- DESCRIPTION OF THE TASK
Where does the word "radius" show up in the records? Copy every line that holds it.

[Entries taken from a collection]

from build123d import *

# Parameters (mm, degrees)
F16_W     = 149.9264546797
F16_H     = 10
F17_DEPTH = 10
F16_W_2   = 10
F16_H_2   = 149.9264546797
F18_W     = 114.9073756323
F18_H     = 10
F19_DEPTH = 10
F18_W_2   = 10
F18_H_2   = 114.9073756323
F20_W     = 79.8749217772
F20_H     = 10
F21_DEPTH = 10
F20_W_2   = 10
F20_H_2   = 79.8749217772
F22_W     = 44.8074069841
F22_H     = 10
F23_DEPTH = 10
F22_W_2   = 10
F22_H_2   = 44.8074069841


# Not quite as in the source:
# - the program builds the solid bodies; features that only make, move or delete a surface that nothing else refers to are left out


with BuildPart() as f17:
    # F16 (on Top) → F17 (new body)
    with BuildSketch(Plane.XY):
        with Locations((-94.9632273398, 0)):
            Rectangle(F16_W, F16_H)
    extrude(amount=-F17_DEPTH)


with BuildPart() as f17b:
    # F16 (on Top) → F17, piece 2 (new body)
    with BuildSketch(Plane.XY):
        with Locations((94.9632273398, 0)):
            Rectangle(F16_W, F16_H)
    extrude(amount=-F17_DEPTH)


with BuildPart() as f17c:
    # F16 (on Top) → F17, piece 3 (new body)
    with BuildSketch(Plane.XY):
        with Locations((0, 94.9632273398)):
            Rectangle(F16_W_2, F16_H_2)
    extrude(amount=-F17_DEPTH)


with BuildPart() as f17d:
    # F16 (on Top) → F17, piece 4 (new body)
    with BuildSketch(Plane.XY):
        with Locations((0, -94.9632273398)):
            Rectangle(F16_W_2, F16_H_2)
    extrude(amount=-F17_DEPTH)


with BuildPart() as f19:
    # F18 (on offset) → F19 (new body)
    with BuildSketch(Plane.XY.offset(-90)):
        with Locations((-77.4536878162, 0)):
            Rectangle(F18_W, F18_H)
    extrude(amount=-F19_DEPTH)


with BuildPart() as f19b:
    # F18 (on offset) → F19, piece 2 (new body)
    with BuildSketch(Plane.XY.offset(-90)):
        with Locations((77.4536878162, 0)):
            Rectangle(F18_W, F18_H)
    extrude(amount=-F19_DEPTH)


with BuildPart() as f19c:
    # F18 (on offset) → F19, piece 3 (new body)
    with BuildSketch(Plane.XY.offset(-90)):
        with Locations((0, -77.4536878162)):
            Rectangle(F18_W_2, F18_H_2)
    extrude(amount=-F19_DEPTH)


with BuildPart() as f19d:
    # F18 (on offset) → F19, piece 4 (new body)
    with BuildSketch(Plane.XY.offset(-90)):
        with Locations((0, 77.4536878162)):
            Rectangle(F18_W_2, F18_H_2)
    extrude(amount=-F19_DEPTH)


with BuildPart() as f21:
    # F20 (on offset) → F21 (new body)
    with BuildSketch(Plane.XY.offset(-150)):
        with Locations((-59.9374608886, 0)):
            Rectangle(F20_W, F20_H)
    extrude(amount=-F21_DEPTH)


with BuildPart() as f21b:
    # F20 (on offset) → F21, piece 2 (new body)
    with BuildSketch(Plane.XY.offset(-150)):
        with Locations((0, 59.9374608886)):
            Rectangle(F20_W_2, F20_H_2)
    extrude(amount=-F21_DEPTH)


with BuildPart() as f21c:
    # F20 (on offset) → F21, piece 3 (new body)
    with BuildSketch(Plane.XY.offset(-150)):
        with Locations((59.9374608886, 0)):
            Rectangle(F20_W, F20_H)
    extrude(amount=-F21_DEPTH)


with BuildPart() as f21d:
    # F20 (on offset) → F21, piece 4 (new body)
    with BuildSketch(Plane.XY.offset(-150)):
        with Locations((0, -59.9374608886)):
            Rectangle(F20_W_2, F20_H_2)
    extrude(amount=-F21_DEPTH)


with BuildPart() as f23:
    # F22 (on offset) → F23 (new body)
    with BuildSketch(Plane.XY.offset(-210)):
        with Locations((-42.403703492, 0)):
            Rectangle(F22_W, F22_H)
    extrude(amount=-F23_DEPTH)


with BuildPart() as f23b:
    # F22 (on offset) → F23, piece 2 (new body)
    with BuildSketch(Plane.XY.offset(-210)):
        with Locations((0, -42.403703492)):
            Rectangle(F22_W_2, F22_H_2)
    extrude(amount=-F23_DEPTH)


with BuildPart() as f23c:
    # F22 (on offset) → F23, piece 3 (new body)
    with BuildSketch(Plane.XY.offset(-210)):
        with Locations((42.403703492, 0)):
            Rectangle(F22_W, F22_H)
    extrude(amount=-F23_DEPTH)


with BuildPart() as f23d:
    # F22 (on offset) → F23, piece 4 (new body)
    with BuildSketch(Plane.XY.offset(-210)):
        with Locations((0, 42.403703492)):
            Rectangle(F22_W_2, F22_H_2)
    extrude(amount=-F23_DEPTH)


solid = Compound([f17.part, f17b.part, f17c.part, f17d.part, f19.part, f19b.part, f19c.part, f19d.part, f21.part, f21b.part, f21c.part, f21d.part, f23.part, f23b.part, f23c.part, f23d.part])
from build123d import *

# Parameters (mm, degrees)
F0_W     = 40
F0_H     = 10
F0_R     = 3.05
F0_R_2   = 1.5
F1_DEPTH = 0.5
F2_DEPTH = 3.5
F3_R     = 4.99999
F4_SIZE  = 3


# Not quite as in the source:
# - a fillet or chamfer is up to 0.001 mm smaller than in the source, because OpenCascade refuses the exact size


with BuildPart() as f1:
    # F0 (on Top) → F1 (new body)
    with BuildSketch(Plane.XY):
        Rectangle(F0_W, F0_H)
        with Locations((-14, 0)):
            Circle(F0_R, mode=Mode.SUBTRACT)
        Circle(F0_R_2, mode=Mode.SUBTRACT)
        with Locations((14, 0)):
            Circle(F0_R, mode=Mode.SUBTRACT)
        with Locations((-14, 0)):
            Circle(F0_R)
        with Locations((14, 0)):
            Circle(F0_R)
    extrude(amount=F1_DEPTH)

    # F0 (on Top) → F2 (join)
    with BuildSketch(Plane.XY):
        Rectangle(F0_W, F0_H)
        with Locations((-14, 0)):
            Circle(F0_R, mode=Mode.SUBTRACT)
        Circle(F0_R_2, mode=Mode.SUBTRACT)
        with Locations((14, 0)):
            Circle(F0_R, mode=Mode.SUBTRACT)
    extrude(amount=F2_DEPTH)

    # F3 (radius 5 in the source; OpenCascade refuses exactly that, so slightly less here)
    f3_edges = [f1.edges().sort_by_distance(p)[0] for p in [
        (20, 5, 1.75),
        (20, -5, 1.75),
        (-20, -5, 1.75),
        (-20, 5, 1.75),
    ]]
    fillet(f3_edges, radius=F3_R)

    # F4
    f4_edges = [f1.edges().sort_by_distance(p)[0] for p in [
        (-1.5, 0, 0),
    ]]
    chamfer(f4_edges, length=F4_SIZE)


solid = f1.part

- RESULT OF THIS TASK
    # F3 (radius 5 in the source; OpenCascade refuses exactly that, so slightly less here)
    fillet(f3_edges, radius=F3_R)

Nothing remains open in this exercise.